→ **Task objective**
Reproduce the records exactly through the line with "Demux1 : Demux".

Records from a dataset:
□ □ □ □ □

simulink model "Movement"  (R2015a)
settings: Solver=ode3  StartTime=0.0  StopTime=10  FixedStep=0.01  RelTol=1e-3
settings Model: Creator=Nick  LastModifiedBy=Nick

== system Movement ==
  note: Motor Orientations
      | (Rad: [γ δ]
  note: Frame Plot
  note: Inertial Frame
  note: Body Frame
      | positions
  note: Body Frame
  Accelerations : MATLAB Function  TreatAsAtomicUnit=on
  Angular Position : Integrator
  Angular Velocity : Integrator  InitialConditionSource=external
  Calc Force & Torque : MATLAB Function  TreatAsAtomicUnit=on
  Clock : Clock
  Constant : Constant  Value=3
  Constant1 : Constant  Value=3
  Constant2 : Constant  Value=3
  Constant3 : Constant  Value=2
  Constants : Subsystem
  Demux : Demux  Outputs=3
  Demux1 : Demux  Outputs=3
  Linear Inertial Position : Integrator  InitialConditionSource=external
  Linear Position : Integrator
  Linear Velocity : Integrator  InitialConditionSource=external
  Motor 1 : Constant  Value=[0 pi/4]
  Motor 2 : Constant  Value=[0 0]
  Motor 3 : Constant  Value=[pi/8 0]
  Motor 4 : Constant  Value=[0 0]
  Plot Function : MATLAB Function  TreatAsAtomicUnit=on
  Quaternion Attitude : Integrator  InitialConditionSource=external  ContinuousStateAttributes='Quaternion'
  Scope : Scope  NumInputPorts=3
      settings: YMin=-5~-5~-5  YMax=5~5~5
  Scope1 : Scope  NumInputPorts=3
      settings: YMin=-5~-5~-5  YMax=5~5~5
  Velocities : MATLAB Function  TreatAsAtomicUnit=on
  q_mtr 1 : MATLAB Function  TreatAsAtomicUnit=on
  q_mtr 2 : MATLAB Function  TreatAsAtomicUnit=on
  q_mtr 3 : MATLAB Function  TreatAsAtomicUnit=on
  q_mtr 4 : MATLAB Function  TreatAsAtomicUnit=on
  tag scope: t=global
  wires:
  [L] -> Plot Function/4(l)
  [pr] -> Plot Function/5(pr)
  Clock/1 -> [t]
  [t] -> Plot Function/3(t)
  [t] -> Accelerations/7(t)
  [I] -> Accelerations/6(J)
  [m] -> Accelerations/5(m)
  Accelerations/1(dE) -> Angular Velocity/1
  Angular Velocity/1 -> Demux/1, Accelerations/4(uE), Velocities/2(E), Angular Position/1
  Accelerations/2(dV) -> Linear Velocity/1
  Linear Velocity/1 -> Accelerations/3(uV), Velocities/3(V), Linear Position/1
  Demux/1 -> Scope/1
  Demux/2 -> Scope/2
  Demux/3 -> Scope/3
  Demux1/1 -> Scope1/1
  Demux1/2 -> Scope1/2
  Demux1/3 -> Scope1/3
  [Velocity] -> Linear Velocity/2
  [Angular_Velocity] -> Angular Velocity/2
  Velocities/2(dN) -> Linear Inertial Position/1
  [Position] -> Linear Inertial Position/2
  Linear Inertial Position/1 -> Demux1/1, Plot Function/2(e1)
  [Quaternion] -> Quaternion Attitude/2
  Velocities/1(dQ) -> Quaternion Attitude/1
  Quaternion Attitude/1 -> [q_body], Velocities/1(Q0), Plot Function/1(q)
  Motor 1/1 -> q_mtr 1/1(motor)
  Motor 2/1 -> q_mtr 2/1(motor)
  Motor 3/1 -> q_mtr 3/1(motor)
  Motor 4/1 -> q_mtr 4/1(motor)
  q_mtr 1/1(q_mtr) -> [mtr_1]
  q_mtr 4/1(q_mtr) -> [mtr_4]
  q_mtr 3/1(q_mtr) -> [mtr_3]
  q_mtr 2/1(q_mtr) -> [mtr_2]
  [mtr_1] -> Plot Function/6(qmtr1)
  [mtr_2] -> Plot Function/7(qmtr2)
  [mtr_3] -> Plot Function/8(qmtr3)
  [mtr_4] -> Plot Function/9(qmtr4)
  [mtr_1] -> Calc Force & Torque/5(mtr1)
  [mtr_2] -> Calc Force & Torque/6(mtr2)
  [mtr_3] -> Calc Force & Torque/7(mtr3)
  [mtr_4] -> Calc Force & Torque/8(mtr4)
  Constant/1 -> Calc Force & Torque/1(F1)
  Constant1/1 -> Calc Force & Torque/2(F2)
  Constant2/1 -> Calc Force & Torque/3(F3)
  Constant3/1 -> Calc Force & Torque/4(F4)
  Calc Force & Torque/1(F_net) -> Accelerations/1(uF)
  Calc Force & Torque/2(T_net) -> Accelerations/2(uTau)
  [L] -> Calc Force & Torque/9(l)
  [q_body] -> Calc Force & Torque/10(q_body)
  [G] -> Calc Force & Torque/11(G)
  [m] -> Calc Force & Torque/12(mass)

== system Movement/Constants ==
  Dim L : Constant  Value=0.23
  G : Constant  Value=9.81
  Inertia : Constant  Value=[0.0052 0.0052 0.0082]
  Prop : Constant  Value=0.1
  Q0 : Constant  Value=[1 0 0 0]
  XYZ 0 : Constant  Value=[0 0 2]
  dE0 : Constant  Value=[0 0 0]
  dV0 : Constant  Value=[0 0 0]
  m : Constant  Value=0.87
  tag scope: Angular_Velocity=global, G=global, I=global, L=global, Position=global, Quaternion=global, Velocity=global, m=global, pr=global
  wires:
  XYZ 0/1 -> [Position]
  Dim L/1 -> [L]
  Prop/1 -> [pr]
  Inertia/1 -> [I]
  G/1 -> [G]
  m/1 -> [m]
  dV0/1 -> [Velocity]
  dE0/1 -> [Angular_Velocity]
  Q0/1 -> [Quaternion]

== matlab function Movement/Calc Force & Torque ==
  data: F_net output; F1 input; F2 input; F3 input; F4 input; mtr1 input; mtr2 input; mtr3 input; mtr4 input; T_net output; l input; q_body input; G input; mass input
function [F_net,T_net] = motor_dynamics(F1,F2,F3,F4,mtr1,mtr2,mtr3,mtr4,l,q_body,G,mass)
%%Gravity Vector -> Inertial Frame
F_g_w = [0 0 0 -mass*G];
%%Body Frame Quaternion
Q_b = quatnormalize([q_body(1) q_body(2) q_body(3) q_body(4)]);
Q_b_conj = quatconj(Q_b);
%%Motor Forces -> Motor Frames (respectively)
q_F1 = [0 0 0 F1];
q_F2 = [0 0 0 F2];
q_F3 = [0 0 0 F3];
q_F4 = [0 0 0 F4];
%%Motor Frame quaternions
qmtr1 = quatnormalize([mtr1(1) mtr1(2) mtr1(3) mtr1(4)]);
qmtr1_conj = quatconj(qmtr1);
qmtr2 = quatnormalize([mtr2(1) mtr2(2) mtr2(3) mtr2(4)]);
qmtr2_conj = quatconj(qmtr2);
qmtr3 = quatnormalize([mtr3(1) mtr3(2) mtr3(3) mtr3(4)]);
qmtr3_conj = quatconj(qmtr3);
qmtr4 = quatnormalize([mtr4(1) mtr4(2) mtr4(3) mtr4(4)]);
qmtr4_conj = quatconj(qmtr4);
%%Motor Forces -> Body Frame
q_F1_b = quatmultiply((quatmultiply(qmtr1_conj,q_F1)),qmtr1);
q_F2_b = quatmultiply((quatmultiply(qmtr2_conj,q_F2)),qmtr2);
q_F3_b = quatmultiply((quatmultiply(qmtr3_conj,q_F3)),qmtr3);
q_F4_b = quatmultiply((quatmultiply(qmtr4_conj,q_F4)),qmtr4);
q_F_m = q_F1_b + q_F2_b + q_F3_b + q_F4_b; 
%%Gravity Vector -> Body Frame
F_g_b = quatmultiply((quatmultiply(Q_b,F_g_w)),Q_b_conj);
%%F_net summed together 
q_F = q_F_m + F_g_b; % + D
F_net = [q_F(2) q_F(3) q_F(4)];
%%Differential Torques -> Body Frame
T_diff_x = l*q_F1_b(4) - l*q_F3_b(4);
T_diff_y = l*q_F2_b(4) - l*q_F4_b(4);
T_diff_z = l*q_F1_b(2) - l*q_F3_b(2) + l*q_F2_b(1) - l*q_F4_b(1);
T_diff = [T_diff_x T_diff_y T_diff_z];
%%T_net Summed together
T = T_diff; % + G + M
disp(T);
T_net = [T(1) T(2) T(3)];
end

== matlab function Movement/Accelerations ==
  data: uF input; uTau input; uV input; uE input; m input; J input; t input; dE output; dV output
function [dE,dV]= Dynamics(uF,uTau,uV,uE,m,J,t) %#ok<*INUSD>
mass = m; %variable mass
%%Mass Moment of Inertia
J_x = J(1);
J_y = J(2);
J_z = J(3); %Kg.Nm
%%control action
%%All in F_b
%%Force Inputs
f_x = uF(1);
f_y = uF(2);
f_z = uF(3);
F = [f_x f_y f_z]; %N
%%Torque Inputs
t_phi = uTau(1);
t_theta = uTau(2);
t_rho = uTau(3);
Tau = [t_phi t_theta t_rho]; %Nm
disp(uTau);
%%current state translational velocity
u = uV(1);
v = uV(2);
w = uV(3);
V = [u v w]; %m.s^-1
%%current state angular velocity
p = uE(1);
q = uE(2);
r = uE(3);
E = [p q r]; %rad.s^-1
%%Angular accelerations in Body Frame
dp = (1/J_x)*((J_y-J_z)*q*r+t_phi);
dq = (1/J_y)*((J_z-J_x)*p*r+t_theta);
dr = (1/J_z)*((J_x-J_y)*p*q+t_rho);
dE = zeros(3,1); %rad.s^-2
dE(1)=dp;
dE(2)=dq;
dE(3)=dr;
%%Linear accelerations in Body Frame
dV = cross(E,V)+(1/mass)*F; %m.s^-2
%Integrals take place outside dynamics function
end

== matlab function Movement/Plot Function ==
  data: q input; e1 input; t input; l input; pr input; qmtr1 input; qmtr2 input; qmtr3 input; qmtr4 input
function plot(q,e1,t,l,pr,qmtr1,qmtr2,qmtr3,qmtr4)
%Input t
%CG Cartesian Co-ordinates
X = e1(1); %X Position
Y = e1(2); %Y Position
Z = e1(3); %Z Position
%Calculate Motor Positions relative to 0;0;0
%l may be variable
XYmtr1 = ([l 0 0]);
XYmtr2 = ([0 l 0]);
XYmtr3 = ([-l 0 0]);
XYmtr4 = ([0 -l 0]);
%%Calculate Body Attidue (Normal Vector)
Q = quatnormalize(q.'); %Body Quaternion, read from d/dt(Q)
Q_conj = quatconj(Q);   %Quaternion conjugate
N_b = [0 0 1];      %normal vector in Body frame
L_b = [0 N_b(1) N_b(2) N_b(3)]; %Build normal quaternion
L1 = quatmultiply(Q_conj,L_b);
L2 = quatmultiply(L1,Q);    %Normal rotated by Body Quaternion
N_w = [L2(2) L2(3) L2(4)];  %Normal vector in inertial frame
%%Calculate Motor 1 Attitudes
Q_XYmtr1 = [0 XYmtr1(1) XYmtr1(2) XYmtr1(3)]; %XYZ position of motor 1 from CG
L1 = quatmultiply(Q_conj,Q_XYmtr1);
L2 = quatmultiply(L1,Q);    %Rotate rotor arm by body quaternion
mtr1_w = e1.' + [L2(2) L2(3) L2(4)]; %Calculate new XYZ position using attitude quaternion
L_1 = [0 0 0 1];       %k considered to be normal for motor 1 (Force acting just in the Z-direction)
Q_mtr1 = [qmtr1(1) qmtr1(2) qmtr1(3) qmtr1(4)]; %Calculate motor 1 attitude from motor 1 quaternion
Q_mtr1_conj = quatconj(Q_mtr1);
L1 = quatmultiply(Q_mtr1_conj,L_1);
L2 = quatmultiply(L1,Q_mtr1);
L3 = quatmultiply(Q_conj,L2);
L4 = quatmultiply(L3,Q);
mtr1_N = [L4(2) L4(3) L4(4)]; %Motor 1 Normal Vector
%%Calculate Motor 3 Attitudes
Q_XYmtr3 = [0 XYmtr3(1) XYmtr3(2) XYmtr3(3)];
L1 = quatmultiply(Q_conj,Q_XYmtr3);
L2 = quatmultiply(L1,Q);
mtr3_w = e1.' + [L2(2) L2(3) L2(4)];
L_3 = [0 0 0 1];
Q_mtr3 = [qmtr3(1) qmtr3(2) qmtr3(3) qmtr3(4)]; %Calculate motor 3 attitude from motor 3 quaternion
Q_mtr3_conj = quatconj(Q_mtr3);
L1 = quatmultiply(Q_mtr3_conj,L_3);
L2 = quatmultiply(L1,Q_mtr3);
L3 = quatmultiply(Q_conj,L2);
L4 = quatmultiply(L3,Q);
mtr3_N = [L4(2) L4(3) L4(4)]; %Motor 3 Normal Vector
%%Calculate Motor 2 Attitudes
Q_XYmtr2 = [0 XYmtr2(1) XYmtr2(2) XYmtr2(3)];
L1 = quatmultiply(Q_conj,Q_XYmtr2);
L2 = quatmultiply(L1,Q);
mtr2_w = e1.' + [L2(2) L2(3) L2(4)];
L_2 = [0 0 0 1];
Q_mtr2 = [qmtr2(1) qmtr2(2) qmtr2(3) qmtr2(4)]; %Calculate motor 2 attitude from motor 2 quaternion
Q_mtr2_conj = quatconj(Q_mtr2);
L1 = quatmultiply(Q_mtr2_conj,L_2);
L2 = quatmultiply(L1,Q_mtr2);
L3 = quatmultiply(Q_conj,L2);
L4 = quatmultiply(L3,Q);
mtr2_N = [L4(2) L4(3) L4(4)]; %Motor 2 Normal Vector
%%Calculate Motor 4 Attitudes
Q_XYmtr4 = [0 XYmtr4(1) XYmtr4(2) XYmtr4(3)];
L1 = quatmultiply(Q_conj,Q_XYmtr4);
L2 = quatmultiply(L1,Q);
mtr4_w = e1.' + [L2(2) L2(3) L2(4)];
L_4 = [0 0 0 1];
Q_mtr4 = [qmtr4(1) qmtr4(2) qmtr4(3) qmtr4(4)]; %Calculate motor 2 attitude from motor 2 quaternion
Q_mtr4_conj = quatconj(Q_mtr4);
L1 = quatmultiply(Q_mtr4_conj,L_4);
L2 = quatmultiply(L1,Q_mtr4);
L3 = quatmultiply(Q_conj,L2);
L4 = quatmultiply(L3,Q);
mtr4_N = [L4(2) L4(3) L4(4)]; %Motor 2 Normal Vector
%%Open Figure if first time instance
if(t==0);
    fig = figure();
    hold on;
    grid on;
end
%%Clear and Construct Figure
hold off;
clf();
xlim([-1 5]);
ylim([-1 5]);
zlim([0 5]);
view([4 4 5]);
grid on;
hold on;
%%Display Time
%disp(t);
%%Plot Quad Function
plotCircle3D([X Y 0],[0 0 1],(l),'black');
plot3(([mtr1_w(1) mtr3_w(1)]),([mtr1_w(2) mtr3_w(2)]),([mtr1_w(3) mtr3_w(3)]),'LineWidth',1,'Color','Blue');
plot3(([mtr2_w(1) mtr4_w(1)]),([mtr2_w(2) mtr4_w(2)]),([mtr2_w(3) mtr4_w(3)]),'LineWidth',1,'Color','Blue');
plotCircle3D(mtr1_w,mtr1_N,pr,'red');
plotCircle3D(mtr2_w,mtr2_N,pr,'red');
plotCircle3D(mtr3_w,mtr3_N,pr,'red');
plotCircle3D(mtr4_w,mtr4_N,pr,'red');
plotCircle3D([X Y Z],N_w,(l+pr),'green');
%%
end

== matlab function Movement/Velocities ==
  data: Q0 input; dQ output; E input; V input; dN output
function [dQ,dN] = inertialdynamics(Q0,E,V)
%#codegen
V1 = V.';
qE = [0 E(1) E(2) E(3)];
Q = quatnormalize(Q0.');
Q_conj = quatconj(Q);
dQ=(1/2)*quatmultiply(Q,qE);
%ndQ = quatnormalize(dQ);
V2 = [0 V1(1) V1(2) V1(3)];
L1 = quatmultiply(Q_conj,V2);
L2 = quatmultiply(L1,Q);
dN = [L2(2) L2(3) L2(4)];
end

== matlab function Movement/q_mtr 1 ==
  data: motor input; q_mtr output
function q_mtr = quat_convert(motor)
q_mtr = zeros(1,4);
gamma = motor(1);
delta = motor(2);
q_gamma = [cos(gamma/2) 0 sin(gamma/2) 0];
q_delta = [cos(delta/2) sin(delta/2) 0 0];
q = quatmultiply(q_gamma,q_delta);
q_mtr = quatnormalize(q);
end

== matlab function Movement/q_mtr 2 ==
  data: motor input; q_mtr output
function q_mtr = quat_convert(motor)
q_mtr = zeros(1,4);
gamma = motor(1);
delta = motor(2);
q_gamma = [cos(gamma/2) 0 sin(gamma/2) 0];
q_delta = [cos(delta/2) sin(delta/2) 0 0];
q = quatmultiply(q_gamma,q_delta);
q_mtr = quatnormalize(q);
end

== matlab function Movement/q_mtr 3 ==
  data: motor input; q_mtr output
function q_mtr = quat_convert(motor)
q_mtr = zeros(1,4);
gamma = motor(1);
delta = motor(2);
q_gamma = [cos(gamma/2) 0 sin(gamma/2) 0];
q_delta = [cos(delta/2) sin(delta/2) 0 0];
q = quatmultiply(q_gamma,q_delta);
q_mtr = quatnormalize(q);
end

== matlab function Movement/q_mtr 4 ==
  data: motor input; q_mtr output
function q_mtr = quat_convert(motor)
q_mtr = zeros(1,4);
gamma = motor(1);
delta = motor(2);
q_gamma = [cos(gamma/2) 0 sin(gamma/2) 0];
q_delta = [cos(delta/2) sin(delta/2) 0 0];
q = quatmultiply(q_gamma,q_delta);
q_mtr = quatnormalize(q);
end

□ □ □ □ □

→ **Task response**
simulink model "Movement"  (R2015a)
settings: Solver=ode3  StartTime=0.0  StopTime=10  FixedStep=0.01  RelTol=1e-3
settings Model: Creator=Nick  LastModifiedBy=Nick

== system Movement ==
  note: Motor Orientations
      | (Rad: [γ δ]
  note: Frame Plot
  note: Inertial Frame
  note: Body Frame
      | positions
  note: Body Frame
  Accelerations : MATLAB Function  TreatAsAtomicUnit=on
  Angular Position : Integrator
  Angular Velocity : Integrator  InitialConditionSource=external
  Calc Force & Torque : MATLAB Function  TreatAsAtomicUnit=on
  Clock : Clock
  Constant : Constant  Value=3
  Constant1 : Constant  Value=3
  Constant2 : Constant  Value=3
  Constant3 : Constant  Value=2
  Constants : Subsystem
  Demux : Demux  Outputs=3
  Demux1 : Demux  Outputs=3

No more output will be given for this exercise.